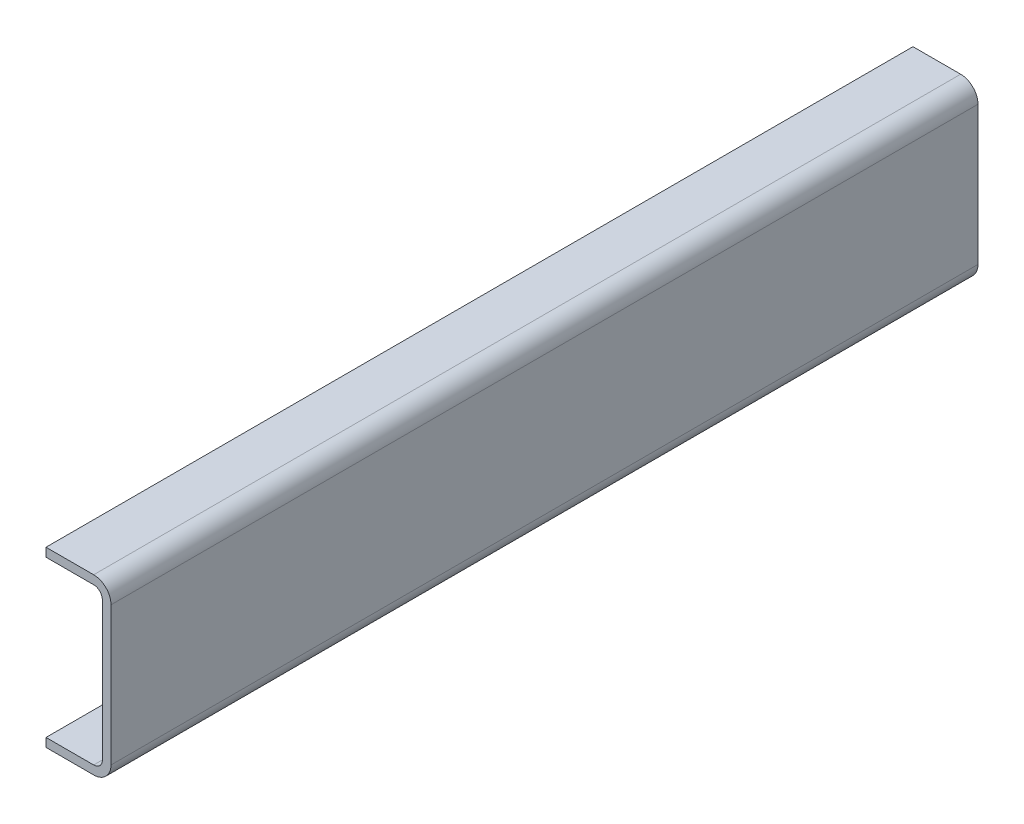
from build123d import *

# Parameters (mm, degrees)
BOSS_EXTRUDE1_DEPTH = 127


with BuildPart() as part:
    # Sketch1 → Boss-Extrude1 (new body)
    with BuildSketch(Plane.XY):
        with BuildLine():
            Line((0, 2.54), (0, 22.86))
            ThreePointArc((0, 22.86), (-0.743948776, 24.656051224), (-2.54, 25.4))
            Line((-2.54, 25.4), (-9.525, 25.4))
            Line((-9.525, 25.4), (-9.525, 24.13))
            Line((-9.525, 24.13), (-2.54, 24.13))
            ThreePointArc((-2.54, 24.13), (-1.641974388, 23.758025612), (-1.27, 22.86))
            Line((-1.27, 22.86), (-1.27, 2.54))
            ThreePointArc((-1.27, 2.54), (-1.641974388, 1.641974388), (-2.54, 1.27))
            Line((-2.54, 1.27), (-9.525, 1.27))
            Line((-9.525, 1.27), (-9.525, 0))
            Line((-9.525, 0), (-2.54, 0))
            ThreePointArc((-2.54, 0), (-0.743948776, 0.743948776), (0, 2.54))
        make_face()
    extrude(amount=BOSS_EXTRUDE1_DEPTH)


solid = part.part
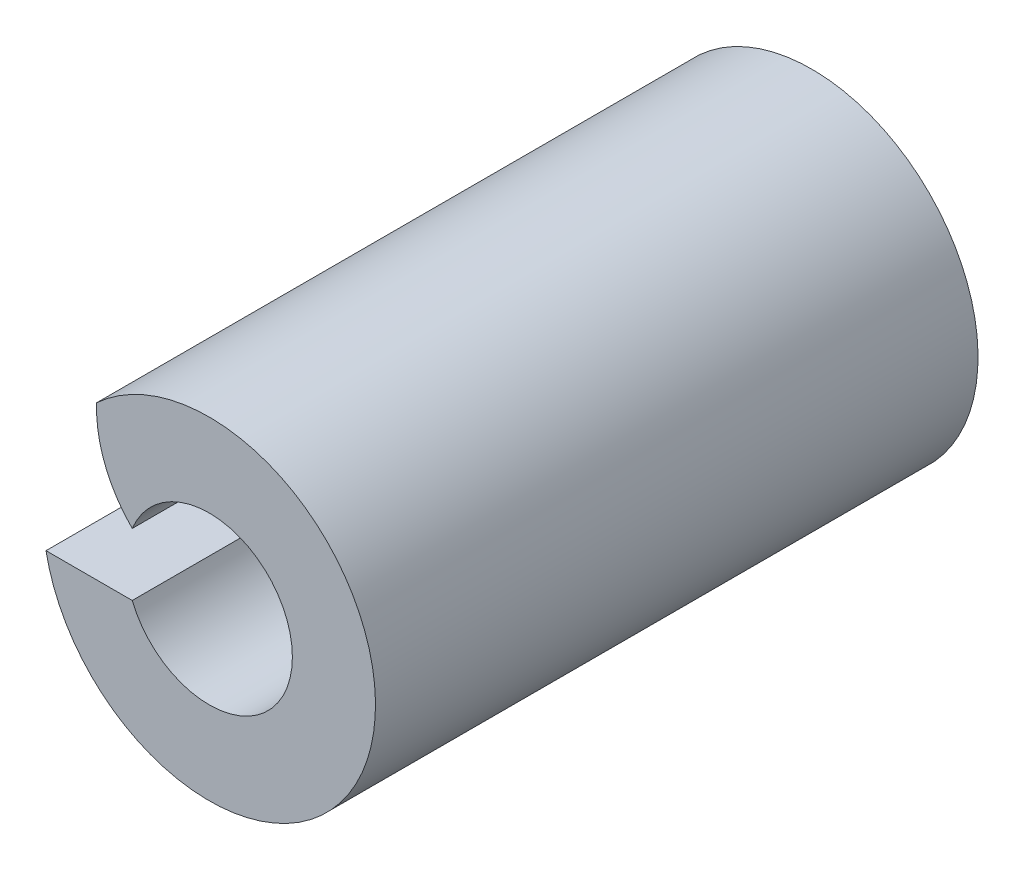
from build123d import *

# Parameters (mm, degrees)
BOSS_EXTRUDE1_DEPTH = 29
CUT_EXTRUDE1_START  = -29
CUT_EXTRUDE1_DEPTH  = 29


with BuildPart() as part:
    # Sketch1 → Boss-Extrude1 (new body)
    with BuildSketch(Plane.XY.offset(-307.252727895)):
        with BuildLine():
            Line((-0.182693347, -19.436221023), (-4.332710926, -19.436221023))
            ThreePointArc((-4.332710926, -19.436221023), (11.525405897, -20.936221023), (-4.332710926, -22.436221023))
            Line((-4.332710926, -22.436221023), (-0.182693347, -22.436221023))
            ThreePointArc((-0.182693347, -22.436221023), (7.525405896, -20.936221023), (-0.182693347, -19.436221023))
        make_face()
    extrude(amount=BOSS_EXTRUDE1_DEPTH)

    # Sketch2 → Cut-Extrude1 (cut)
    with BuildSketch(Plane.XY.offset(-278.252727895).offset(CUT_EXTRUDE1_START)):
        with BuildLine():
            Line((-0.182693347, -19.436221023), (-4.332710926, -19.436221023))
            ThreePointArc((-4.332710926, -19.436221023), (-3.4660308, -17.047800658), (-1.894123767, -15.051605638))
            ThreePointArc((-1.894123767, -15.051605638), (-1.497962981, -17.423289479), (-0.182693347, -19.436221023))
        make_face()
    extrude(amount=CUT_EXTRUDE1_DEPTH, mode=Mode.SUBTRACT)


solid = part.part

→ PROBLEM DESCRIPTION: Which lines run from the one holding "0.743948776), (0, 2.54))" through the end of the records? Reproduce them word for word, both ends included, with no pictures.

→ ANSWER BOX:
            ThreePointArc((-2.54, 0), (-0.743948776, 0.743948776), (0, 2.54))
        make_face()
    extrude(amount=BOSS_EXTRUDE1_DEPTH)


solid = part.part
from build123d import *

# Parameters (mm, degrees)
BOSS_EXTRUDE1_DEPTH = 29
CUT_EXTRUDE1_START  = -29
CUT_EXTRUDE1_DEPTH  = 29


with BuildPart() as part:
    # Sketch1 → Boss-Extrude1 (new body)
    with BuildSketch(Plane.XY.offset(-307.252727895)):
        with BuildLine():
            Line((-0.182693347, -19.436221023), (-4.332710926, -19.436221023))
            ThreePointArc((-4.332710926, -19.436221023), (11.525405897, -20.936221023), (-4.332710926, -22.436221023))
            Line((-4.332710926, -22.436221023), (-0.182693347, -22.436221023))
            ThreePointArc((-0.182693347, -22.436221023), (7.525405896, -20.936221023), (-0.182693347, -19.436221023))
        make_face()
    extrude(amount=BOSS_EXTRUDE1_DEPTH)

    # Sketch2 → Cut-Extrude1 (cut)
    with BuildSketch(Plane.XY.offset(-278.252727895).offset(CUT_EXTRUDE1_START)):
        with BuildLine():
            Line((-0.182693347, -19.436221023), (-4.332710926, -19.436221023))
            ThreePointArc((-4.332710926, -19.436221023), (-3.4660308, -17.047800658), (-1.894123767, -15.051605638))
            ThreePointArc((-1.894123767, -15.051605638), (-1.497962981, -17.423289479), (-0.182693347, -19.436221023))
        make_face()
    extrude(amount=CUT_EXTRUDE1_DEPTH, mode=Mode.SUBTRACT)


solid = part.part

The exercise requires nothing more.